What the f*ck happened to aqhu?

Did sh*t just get real as f*ck in here?


----------



## scent troll (Apr 4, 2005)

yeah im pretty sure it did bob


----------



## bob351 (Oct 23, 2005)

For real though, wtf deleted without an explanation or w.e? AE the f*ck is going on?


----------



## Umadbro (Sep 2, 2013)

Lol, Bob....you are really passionate about this thread.







Must of been full of good stuff. Bryce can you maybe ask the admin to see if they can fix the issue? And wtf does post count have to do with anything? Are you telling me I am only seeing parts of this forum? Kind of hard to get post counts up if there is nothing to post or comment on.


----------



## scent troll (Apr 4, 2005)

aqhu was a legit thread made right here in the lounge many many years ago. and for no good reason it became a thread where people just started talking and was more or less this websites chat room. 
in the later years it became a hated place by some because it was more or less a frequent hangout by the same people who trolled and spammed a lot. it was never really relevant but to the few of us who gave it a shot we honestly considered like a local hangout.

were not always in the mood to chat fish or current event sh*t so aqhu was a place to talk or post anything you wanted. yeah it was used as a place to up someones post count which back in this sites more active days was frowned upon because you could get a few hundred posts and new members would assume you were an active member when all you did was spam in there.

love it or hate it though it was a solid place. unique.
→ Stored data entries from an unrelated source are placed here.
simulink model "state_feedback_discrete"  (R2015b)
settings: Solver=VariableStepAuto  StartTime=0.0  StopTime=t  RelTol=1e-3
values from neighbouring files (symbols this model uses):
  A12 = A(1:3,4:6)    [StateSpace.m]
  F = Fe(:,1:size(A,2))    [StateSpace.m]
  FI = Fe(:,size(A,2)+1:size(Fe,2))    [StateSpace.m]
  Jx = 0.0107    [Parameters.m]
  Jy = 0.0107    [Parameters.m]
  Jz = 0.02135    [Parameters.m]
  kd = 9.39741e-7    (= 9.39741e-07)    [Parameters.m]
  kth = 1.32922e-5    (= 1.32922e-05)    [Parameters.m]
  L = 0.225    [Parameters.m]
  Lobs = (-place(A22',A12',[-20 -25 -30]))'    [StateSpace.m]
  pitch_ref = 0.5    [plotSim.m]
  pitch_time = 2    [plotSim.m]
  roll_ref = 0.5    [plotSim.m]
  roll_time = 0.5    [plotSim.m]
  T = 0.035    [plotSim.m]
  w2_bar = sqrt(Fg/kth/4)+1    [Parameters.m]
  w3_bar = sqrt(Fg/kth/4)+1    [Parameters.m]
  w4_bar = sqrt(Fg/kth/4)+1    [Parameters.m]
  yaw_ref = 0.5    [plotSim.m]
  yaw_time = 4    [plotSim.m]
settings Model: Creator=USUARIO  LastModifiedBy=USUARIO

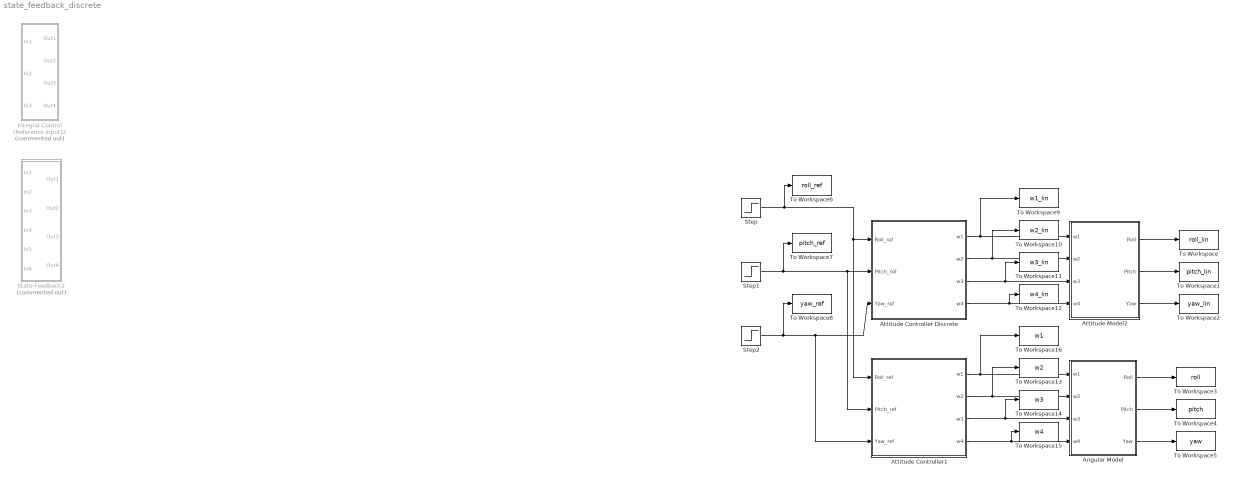
== system state_feedback_discrete ==
  Angular Model : Subsystem
  Attitude Controller Discrete : Subsystem
  Attitude Controller1 : Subsystem
  "Attitude Model2 " : Subsystem
  Integral Control (Reference Input)2 : Subsystem  Commented=on
  State-Feedback2 : Subsystem  Commented=on
  Step : Step  Time=roll_time  After=roll_ref  SampleTime=0
  Step1 : Step  Time=pitch_time  After=pitch_ref  SampleTime=0
  Step2 : Step  Time=yaw_time  After=yaw_ref  SampleTime=0
  To Workspace : ToWorkspace  VariableName=roll_lin  SaveFormat=Timeseries  SampleTime=-1
  To Workspace1 : ToWorkspace  VariableName=pitch_lin  SaveFormat=Timeseries  SampleTime=-1
  To Workspace10 : ToWorkspace  VariableName=w2_lin  SaveFormat=Timeseries  SampleTime=-1
  To Workspace11 : ToWorkspace  VariableName=w3_lin  SaveFormat=Timeseries  SampleTime=-1
  To Workspace12 : ToWorkspace  VariableName=w4_lin  SaveFormat=Timeseries  SampleTime=-1
  To Workspace13 : ToWorkspace  VariableName=w2  SaveFormat=Timeseries  SampleTime=-1
  To Workspace14 : ToWorkspace  VariableName=w3  SaveFormat=Timeseries  SampleTime=-1
  To Workspace15 : ToWorkspace  VariableName=w4  SaveFormat=Timeseries  SampleTime=-1
  To Workspace16 : ToWorkspace  VariableName=w1  SaveFormat=Timeseries  SampleTime=-1
  To Workspace2 : ToWorkspace  VariableName=yaw_lin  SaveFormat=Timeseries  SampleTime=-1
  To Workspace3 : ToWorkspace  VariableName=roll  SaveFormat=Timeseries  SampleTime=-1
  To Workspace4 : ToWorkspace  VariableName=pitch  SaveFormat=Timeseries  SampleTime=-1
  To Workspace5 : ToWorkspace  VariableName=yaw  SaveFormat=Timeseries  SampleTime=-1
  To Workspace6 : ToWorkspace  VariableName=roll_ref  SaveFormat=Timeseries  SampleTime=-1
  To Workspace7 : ToWorkspace  VariableName=pitch_ref  SaveFormat=Timeseries  SampleTime=-1
  To Workspace8 : ToWorkspace  VariableName=yaw_ref  SaveFormat=Timeseries  SampleTime=-1
  To Workspace9 : ToWorkspace  VariableName=w1_lin  SaveFormat=Timeseries  SampleTime=-1
  wires:
  Attitude Controller Discrete/3(w3) -> "Attitude Model2 "/3(w3), To Workspace11/1
  Attitude Controller Discrete/2(w2) -> To Workspace10/1, "Attitude Model2 "/2(w2)
  Attitude Controller Discrete/1(w1) -> To Workspace9/1, "Attitude Model2 "/1(w1)
  Attitude Controller Discrete/4(w4) -> "Attitude Model2 "/4(w4), To Workspace12/1
  "Attitude Model2 "/2(Pitch) -> To Workspace1/1
  "Attitude Model2 "/1(Roll) -> To Workspace/1
  "Attitude Model2 "/3(Yaw) -> To Workspace2/1
  Step/1 -> Attitude Controller1/1(Roll_ref), Attitude Controller Discrete/1(Roll_ref), To Workspace6/1
  Step1/1 -> Attitude Controller1/2(Pitch_ref), Attitude Controller Discrete/2(Pitch_ref), To Workspace7/1
  Step2/1 -> Attitude Controller1/3(Yaw_ref), Attitude Controller Discrete/3(Yaw_ref), To Workspace8/1
  Angular Model/3(Yaw) -> To Workspace5/1
  Angular Model/2(Pitch) -> To Workspace4/1
  Angular Model/1(Roll) -> To Workspace3/1
  Attitude Controller1/3(w3) -> Angular Model/3(w3), To Workspace14/1
  Attitude Controller1/2(w2) -> Angular Model/2(w2), To Workspace13/1
  Attitude Controller1/1(w1) -> To Workspace16/1, Angular Model/1(w1)
  Attitude Controller1/4(w4) -> To Workspace15/1, Angular Model/4(w4)

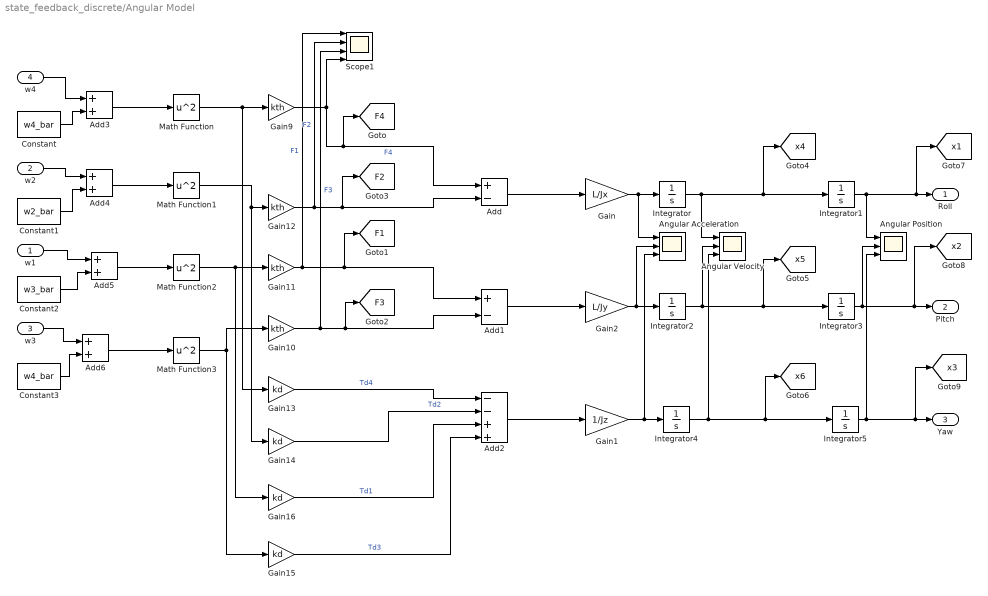
== system state_feedback_discrete/Angular Model ==
  w1 : Inport
  w2 : Inport  Port=2
  w3 : Inport  Port=3
  w4 : Inport  Port=4
  Add : Sum  Inputs=+-
  Add1 : Sum  Inputs=+-
  Add2 : Sum  Inputs=--++
  Add{3..6} (4 alike) : Sum
  Angular Position : Scope  NumInputPorts=3
  Angular Velocity : Scope  NumInputPorts=3
  Angular Acceleration : Scope  NumInputPorts=3
  Constant : Constant  Value=w4_bar
  Constant1 : Constant  Value=w2_bar
  Constant2 : Constant  Value=w3_bar
  Constant3 : Constant  Value=w4_bar
  Gain : Gain  Gain=L/Jx
  Gain1 : Gain  Gain=1/Jz
  Gain{9..12} (4 alike) : Gain  Gain=kth
  Gain{13..16} (4 alike) : Gain  Gain=kd
  Gain2 : Gain  Gain=L/Jy
  Integrator{,1..5} (6 alike) : Integrator
  Math Function{,1..3} (4 alike) : Math  Operator=square  SaturateOnIntegerOverflow=on
  Scope1 : Scope  NumInputPorts=4
  Roll : Outport
  Pitch : Outport  Port=2
  Yaw : Outport  Port=3
  tag scope: F1=global, F2=global, F3=global, F4=global, x1=global, x2=global, x3=global, x4=global, x5=global, x6=global
  wires:
  Gain2/1 -> Angular Acceleration/2, Integrator2/1
  Add2/1 -> Gain1/1
  Gain9/1 -> [F4], Add/1, Scope1/4  "F4"
  Gain14/1 -> Add2/2  "Td2"
  Gain16/1 -> Add2/3  "Td1"
  Gain/1 -> Angular Acceleration/1, Integrator/1
  Integrator/1 -> Angular Velocity/1, Integrator1/1, [x4]
  Integrator1/1 -> [x1], Roll/1, Angular Position/1
  Integrator4/1 -> Angular Velocity/3, [x6], Integrator5/1
  Add/1 -> Gain/1
  Integrator3/1 -> [x2], Pitch/1, Angular Position/2
  Add1/1 -> Gain2/1
  Integrator5/1 -> Angular Position/3, [x3], Yaw/1
  Gain12/1 -> Scope1/2, [F2], Add/2  "F2"
  Gain10/1 -> [F3], Add1/2, Scope1/3  "F3"
  Gain11/1 -> Scope1/1, [F1], Add1/1  "F1"
  Gain13/1 -> Add2/1  "Td4"
  Gain15/1 -> Add2/4  "Td3"
  Integrator2/1 -> Angular Velocity/2, [x5], Integrator3/1
  Gain1/1 -> Angular Acceleration/3, Integrator4/1
  Math Function3/1 -> Gain10/1, Gain15/1
  Math Function2/1 -> Gain16/1, Gain11/1
  Math Function/1 -> Gain13/1, Gain9/1
  Math Function1/1 -> Gain14/1, Gain12/1
  w4/1 -> Add3/1
  Add3/1 -> Math Function/1
  Constant/1 -> Add3/2
  w2/1 -> Add4/1
  Add4/1 -> Math Function1/1
  Constant1/1 -> Add4/2
  w1/1 -> Add5/1
  Add5/1 -> Math Function2/1
  Constant2/1 -> Add5/2
  w3/1 -> Add6/1
  Add6/1 -> Math Function3/1
  Constant3/1 -> Add6/2

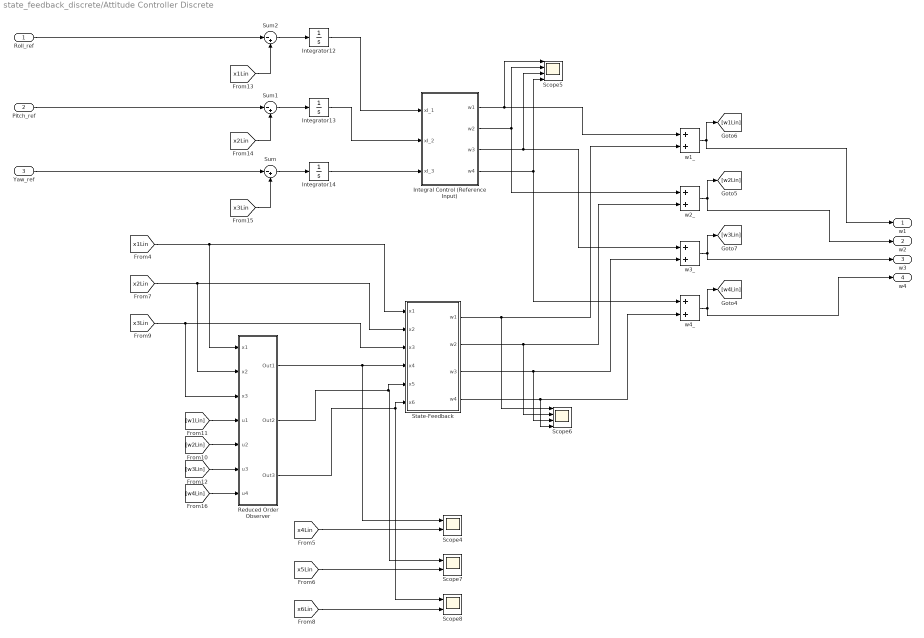
== system state_feedback_discrete/Attitude Controller Discrete ==
  Roll_ref : Inport
  Pitch_ref : Inport  Port=2
  Yaw_ref : Inport  Port=3
  Integral Control (Reference Input) : MATLAB Function  TreatAsAtomicUnit=on
  Integrator12 : Integrator
  Integrator13 : Integrator
  Integrator14 : Integrator
  Reduced Order Observer : Subsystem
  Scope4 : Scope  NumInputPorts=2
  Scope5 : Scope  NumInputPorts=4
  Scope6 : Scope  NumInputPorts=4
  Scope7 : Scope  NumInputPorts=2
  Scope8 : Scope  NumInputPorts=2
  "State-Feedback " : MATLAB Function  TreatAsAtomicUnit=on
  Sum : Sum  Inputs=|-+
  Sum1 : Sum  Inputs=|-+
  Sum2 : Sum  Inputs=|-+
  w1_ : Sum
  w2_ : Sum
  w3_ : Sum
  w4_ : Sum
  w1 : Outport
  w2 : Outport  Port=2
  w3 : Outport  Port=3
  w4 : Outport  Port=4
  wires:
  "State-Feedback "/4(w4) -> w4_/2, Scope6/4
  Roll_ref/1 -> Sum2/1
  [x3Lin] -> Sum/2
  [x1Lin] -> Sum2/2
  Integrator13/1 -> Integral Control (Reference Input)/2(xI_2)
  "State-Feedback "/1(w1) -> w1_/2, Scope6/1
  [w3Lin] -> Reduced Order Observer/6(u3)
  Sum2/1 -> Integrator12/1
  Sum/1 -> Integrator14/1
  [x3Lin] -> "State-Feedback "/3(x3), Reduced Order Observer/3(x3)
  [w2Lin] -> Reduced Order Observer/5(u2)
  Pitch_ref/1 -> Sum1/1
  Integrator14/1 -> Integral Control (Reference Input)/3(xI_3)
  Reduced Order Observer/3(Out3) -> "State-Feedback "/6(x6), Scope8/1
  [x4Lin] -> Scope4/2
  [x6Lin] -> Scope8/2
  "State-Feedback "/2(w2) -> w2_/2, Scope6/2
  Integral Control (Reference Input)/2(w2) -> Scope5/2, w2_/1
  [w4Lin] -> Reduced Order Observer/7(u4)
  Integral Control (Reference Input)/3(w3) -> w3_/1, Scope5/3
  Reduced Order Observer/2(Out2) -> "State-Feedback "/5(x5), Scope7/1
  [x1Lin] -> "State-Feedback "/1(x1), Reduced Order Observer/1(x1)
  [w1Lin] -> Reduced Order Observer/4(u1)
  Integrator12/1 -> Integral Control (Reference Input)/1(xI_1)
  [x2Lin] -> Sum1/2
  Integral Control (Reference Input)/4(w4) -> Scope5/4, w4_/1
  Integral Control (Reference Input)/1(w1) -> w1_/1, Scope5/1
  [x2Lin] -> "State-Feedback "/2(x2), Reduced Order Observer/2(x2)
  Reduced Order Observer/1(Out1) -> "State-Feedback "/4(x4), Scope4/1
  [x5Lin] -> Scope7/2
  Sum1/1 -> Integrator13/1
  Yaw_ref/1 -> Sum/1
  "State-Feedback "/3(w3) -> w3_/2, Scope6/3
  w1_/1 -> w1/1, [w1Lin]
  w4_/1 -> w4/1, [w4Lin]
  w2_/1 -> w2/1, [w2Lin]
  w3_/1 -> w3/1, [w3Lin]

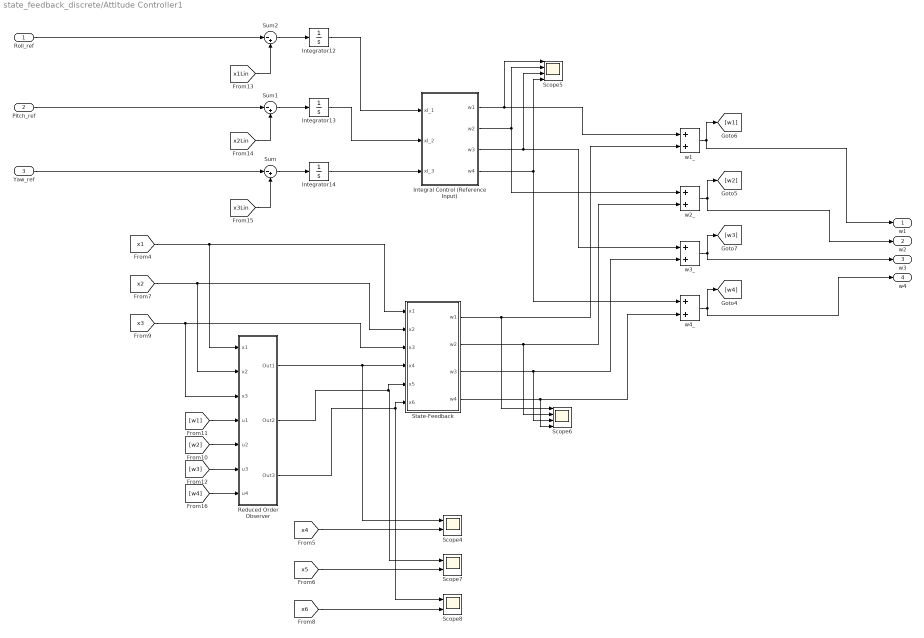
== system state_feedback_discrete/Attitude Controller1 ==
  Roll_ref : Inport
  Pitch_ref : Inport  Port=2
  Yaw_ref : Inport  Port=3
  Integral Control (Reference Input) : MATLAB Function  TreatAsAtomicUnit=on
  Integrator12 : Integrator
  Integrator13 : Integrator
  Integrator14 : Integrator
  Reduced Order Observer : Subsystem
  Scope4 : Scope  NumInputPorts=2
  Scope5 : Scope  NumInputPorts=4
  Scope6 : Scope  NumInputPorts=4
  Scope7 : Scope  NumInputPorts=2
  Scope8 : Scope  NumInputPorts=2
  "State-Feedback " : MATLAB Function  TreatAsAtomicUnit=on
  Sum : Sum  Inputs=|-+
  Sum1 : Sum  Inputs=|-+
  Sum2 : Sum  Inputs=|-+
  w1_ : Sum
  w2_ : Sum
  w3_ : Sum
  w4_ : Sum
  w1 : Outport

....which leaves me to my next question. wheres danny tanner now that its gone?


----------



## bob351 (Oct 23, 2005)

He is now in the phantom zone.

AQHU is one of those things that can never be replicated, it just happened and took off spontaneously along with all the crap that went on inside that thread.


----------



## scent troll (Apr 4, 2005)

bob351 said:


> *AQHU is one of those things that can never be replicated*, it just happened and took off spontaneously along with all the crap that went on inside that thread.


agreed 100%

we tried to replicate it many times over even with making an aqhu website but it just wasnt the same. aqhu...if its gone...will never return. it was the better part of a decade and thousands of pages of one off memories.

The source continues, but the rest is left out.